[Task prompt]:
Give again, word for word, every line in the entries below from the line with "#104=DIRECTION('',(0.,0.,-1.));" up to and including the line with "#129=ORIENTED_EDGE('',*,*,#128,.F.);", and no other line.

+--

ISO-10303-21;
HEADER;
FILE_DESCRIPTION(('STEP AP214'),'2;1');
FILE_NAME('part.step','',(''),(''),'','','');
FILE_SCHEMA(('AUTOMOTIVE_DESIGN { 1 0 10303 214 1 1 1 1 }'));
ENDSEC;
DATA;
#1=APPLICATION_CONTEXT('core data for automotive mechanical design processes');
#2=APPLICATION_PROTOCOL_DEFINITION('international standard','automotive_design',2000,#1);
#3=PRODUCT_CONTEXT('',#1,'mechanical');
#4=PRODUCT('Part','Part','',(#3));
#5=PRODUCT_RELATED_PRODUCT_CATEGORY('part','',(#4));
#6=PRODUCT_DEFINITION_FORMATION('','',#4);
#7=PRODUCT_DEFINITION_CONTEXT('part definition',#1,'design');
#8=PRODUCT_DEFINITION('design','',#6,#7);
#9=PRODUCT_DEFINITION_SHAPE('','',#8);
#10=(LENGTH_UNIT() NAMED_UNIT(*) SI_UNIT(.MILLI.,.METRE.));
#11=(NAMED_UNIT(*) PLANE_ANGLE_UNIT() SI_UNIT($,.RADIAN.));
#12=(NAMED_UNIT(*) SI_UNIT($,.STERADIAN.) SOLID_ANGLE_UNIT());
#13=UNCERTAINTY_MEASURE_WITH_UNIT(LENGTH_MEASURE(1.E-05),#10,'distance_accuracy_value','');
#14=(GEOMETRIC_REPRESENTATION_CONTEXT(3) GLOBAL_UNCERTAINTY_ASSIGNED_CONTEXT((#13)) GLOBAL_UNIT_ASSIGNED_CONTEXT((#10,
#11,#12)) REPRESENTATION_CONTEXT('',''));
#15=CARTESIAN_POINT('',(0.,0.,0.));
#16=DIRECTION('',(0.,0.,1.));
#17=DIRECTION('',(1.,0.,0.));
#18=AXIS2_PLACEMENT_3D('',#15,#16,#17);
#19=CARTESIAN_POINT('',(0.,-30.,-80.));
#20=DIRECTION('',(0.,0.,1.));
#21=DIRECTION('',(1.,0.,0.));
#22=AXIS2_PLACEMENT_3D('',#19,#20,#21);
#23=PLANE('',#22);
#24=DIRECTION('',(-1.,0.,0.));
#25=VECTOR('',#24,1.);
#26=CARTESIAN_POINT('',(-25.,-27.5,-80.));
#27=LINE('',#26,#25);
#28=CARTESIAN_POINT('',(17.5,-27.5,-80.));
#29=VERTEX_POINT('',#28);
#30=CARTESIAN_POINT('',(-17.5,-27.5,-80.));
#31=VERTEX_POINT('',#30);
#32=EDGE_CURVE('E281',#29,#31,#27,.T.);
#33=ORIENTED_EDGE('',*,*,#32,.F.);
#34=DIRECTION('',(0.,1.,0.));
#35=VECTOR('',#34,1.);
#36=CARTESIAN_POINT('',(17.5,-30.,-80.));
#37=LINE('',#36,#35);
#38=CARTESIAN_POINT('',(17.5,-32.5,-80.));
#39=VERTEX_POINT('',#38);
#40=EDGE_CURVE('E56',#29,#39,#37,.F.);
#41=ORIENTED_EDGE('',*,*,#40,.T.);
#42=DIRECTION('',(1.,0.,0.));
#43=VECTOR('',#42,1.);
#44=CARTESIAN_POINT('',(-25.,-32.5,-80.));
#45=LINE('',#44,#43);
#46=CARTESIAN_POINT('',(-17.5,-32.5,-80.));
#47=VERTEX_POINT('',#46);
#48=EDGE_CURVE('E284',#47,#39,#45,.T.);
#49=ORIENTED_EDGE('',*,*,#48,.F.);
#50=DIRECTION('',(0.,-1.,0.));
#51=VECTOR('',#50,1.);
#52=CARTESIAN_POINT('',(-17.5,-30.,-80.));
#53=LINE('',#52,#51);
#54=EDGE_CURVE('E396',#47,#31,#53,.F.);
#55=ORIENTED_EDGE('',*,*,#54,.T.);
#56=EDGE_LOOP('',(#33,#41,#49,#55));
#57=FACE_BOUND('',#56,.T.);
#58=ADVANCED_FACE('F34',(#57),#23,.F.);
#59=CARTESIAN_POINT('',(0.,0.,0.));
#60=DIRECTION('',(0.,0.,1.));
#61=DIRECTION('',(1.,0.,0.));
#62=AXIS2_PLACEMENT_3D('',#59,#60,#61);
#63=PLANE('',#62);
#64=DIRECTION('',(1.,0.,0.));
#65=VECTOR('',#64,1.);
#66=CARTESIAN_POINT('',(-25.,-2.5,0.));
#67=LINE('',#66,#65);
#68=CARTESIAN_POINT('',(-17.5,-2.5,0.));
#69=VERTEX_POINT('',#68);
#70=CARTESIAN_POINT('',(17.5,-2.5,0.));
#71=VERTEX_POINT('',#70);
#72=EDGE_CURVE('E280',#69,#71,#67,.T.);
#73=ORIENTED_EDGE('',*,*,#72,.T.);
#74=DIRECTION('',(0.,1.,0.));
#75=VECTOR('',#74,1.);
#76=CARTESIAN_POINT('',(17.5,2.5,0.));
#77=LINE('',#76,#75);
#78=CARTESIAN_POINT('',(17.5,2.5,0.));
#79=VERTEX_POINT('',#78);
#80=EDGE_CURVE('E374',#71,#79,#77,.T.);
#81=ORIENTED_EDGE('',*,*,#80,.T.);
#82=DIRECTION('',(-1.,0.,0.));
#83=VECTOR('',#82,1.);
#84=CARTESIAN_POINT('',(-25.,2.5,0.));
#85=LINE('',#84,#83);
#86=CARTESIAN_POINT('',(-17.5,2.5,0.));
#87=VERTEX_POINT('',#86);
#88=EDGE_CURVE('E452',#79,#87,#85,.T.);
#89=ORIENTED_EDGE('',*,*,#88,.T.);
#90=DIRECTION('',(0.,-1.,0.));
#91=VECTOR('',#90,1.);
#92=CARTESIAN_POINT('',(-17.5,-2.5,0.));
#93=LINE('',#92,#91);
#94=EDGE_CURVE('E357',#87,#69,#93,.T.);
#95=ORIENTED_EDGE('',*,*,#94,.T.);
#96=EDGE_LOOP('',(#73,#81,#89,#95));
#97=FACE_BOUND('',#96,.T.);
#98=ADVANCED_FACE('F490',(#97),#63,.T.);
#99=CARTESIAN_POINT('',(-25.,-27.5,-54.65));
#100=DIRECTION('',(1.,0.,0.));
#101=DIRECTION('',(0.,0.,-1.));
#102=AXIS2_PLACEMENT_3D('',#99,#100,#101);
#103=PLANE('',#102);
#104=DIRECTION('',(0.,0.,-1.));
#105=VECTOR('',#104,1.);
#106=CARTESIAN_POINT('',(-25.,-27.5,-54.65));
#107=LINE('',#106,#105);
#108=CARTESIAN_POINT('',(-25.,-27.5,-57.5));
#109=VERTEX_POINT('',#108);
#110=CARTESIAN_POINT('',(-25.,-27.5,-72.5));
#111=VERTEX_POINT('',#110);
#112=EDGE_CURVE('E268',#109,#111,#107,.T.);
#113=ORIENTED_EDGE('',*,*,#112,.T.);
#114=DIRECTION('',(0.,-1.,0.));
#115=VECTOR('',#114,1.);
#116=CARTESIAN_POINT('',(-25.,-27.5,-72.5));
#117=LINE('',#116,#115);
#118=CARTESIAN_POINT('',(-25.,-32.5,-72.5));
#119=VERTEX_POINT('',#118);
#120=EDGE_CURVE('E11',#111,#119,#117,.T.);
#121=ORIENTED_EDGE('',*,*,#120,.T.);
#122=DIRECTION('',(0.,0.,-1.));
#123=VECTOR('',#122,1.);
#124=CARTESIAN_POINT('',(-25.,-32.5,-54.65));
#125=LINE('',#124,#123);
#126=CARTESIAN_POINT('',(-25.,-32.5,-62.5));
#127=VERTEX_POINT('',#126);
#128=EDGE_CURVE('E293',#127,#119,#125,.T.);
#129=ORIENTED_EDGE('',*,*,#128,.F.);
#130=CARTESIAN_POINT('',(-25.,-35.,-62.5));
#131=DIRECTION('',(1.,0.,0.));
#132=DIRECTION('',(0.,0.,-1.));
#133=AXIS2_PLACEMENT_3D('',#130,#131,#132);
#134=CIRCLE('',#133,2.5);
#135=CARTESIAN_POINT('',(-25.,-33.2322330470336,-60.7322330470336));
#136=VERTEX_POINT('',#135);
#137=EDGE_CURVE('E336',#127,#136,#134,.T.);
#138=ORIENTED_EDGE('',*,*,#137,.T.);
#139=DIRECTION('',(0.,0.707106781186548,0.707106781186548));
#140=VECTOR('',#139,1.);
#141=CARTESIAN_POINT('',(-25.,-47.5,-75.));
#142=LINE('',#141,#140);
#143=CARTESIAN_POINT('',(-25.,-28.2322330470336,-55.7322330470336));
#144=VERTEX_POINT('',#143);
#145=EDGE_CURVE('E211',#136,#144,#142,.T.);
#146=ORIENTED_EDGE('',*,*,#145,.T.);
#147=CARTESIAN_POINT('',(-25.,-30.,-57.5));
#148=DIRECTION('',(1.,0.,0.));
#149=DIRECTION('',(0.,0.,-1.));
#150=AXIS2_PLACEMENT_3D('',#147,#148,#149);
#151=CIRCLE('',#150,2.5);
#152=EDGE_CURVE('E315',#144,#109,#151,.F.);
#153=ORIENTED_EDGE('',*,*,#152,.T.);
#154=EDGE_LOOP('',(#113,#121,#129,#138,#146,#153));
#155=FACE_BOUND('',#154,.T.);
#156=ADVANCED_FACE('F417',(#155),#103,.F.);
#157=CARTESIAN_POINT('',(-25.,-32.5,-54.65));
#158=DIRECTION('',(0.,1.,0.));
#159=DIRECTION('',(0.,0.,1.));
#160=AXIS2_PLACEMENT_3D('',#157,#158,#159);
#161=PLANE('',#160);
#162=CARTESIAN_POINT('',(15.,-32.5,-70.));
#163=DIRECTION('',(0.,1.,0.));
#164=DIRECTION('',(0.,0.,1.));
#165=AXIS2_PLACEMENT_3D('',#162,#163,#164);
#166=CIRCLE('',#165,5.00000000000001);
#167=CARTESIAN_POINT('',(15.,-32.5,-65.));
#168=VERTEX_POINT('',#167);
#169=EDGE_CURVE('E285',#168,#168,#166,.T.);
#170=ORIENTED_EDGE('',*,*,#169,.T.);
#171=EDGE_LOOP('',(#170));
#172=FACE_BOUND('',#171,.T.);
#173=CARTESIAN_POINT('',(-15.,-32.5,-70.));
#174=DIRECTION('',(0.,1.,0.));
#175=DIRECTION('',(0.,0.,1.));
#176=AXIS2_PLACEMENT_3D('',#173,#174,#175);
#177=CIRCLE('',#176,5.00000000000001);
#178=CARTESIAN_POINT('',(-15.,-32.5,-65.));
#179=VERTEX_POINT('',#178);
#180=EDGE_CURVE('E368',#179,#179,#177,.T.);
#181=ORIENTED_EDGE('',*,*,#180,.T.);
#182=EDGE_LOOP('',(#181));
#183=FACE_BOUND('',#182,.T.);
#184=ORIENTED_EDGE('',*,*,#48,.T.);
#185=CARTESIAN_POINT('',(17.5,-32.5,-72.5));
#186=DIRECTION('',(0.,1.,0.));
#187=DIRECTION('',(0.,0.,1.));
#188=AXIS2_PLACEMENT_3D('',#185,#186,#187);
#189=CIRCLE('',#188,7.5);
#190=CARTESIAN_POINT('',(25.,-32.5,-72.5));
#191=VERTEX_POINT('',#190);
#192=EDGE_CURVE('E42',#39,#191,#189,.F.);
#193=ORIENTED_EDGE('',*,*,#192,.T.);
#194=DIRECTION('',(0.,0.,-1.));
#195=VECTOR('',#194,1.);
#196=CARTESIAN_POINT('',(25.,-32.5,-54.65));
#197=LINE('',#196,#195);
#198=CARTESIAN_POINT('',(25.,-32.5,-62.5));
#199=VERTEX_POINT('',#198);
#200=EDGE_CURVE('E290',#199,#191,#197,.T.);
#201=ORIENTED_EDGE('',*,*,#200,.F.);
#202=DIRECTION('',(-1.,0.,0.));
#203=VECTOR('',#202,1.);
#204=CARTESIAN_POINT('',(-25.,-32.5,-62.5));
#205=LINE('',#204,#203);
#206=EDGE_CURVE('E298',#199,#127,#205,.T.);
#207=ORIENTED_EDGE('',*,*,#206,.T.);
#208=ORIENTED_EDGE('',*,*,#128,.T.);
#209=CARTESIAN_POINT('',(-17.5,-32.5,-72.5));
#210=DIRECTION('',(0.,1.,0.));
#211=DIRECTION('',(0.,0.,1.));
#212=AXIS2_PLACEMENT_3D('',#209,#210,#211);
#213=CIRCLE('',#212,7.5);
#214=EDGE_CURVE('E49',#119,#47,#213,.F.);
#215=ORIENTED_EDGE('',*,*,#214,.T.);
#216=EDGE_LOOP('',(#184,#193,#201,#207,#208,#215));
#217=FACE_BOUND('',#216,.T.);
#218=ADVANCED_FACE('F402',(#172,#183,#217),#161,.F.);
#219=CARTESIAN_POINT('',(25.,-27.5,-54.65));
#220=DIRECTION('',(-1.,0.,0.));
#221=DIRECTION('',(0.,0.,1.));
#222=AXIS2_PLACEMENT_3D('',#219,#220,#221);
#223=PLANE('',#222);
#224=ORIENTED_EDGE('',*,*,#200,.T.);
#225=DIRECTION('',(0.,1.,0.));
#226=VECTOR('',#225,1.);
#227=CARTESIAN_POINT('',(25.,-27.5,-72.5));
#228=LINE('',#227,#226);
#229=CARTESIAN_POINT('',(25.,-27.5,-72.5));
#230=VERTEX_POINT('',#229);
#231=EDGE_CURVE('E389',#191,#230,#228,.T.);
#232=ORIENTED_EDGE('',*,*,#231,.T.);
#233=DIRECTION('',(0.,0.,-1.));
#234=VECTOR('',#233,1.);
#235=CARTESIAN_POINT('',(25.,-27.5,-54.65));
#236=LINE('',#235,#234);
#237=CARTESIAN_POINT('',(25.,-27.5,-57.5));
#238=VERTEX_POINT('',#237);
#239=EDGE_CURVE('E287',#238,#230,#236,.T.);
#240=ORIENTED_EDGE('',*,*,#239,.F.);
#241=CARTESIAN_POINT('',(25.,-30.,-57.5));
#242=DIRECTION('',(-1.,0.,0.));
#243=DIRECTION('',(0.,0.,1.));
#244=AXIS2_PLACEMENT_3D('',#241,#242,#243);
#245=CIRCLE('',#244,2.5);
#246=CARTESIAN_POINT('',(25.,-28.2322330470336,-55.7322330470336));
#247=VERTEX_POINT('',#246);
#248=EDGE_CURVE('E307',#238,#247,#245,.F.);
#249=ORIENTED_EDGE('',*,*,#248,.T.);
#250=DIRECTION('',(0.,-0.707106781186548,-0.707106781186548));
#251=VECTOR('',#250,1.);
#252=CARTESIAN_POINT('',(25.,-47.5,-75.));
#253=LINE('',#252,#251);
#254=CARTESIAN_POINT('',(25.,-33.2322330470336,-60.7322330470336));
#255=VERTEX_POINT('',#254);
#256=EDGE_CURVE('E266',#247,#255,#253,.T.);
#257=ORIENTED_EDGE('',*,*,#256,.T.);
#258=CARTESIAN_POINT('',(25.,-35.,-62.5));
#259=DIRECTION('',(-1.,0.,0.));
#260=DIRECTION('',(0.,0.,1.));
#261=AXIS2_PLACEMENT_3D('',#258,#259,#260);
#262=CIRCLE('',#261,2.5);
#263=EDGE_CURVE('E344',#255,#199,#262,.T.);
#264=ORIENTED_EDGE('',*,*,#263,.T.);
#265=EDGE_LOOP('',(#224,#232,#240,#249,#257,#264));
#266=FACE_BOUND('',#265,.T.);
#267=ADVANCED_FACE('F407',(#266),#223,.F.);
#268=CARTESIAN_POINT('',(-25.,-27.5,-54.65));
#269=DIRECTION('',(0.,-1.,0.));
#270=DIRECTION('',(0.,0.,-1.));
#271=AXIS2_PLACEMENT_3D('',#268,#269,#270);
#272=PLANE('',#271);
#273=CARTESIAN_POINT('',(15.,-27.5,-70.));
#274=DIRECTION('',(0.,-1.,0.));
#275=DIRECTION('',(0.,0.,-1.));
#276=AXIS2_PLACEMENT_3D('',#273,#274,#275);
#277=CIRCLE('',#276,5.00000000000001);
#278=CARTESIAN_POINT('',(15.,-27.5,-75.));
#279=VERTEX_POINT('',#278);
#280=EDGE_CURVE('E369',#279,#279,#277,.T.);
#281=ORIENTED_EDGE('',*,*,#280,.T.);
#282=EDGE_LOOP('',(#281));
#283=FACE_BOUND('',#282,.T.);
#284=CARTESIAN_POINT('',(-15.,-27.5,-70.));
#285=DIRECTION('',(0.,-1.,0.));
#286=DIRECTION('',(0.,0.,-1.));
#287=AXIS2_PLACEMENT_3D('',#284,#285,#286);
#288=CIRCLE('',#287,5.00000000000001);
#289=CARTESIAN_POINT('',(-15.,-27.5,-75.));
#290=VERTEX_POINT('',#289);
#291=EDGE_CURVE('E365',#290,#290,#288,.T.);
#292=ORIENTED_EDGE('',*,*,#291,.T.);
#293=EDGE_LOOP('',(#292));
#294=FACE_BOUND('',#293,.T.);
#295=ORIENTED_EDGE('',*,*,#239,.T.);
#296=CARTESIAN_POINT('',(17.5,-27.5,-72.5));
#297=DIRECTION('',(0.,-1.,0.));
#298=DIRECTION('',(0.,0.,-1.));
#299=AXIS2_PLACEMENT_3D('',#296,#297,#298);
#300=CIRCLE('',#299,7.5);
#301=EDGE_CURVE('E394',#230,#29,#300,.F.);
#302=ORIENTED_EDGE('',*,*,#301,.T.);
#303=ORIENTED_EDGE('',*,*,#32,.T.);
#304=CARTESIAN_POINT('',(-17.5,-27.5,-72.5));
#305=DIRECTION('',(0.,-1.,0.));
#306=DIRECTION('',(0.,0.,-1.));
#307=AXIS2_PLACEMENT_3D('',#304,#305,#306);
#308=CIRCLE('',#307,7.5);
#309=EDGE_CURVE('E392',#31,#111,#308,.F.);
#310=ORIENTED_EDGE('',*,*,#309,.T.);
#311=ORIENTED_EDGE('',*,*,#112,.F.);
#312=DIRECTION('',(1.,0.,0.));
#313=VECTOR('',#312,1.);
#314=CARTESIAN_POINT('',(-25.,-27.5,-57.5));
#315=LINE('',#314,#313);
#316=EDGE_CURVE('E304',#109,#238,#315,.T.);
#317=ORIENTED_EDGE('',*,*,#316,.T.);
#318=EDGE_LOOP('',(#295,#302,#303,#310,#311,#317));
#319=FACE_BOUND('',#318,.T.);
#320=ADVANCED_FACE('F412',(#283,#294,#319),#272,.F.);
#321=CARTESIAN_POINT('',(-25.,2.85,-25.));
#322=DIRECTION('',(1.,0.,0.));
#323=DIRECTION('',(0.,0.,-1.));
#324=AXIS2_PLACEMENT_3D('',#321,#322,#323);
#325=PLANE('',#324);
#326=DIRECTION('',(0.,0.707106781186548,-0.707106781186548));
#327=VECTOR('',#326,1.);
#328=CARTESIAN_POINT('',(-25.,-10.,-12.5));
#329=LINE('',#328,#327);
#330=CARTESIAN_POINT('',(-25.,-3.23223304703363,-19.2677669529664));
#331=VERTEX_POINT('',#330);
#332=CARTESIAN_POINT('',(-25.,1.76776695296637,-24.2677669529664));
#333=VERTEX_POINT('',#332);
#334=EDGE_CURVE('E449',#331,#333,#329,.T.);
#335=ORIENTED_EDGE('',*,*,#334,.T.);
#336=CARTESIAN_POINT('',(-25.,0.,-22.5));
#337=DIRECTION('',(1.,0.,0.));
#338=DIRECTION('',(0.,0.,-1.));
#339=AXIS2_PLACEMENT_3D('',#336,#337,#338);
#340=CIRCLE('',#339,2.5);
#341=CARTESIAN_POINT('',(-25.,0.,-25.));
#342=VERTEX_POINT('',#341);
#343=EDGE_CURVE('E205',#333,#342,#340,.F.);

+--

[Solved problem]:
#104=DIRECTION('',(0.,0.,-1.));
#105=VECTOR('',#104,1.);
#106=CARTESIAN_POINT('',(-25.,-27.5,-54.65));
#107=LINE('',#106,#105);
#108=CARTESIAN_POINT('',(-25.,-27.5,-57.5));
#109=VERTEX_POINT('',#108);
#110=CARTESIAN_POINT('',(-25.,-27.5,-72.5));
#111=VERTEX_POINT('',#110);
#112=EDGE_CURVE('E268',#109,#111,#107,.T.);
#113=ORIENTED_EDGE('',*,*,#112,.T.);
#114=DIRECTION('',(0.,-1.,0.));
#115=VECTOR('',#114,1.);
#116=CARTESIAN_POINT('',(-25.,-27.5,-72.5));
#117=LINE('',#116,#115);
#118=CARTESIAN_POINT('',(-25.,-32.5,-72.5));
#119=VERTEX_POINT('',#118);
#120=EDGE_CURVE('E11',#111,#119,#117,.T.);
#121=ORIENTED_EDGE('',*,*,#120,.T.);
#122=DIRECTION('',(0.,0.,-1.));
#123=VECTOR('',#122,1.);
#124=CARTESIAN_POINT('',(-25.,-32.5,-54.65));
#125=LINE('',#124,#123);
#126=CARTESIAN_POINT('',(-25.,-32.5,-62.5));
#127=VERTEX_POINT('',#126);
#128=EDGE_CURVE('E293',#127,#119,#125,.T.);
#129=ORIENTED_EDGE('',*,*,#128,.F.);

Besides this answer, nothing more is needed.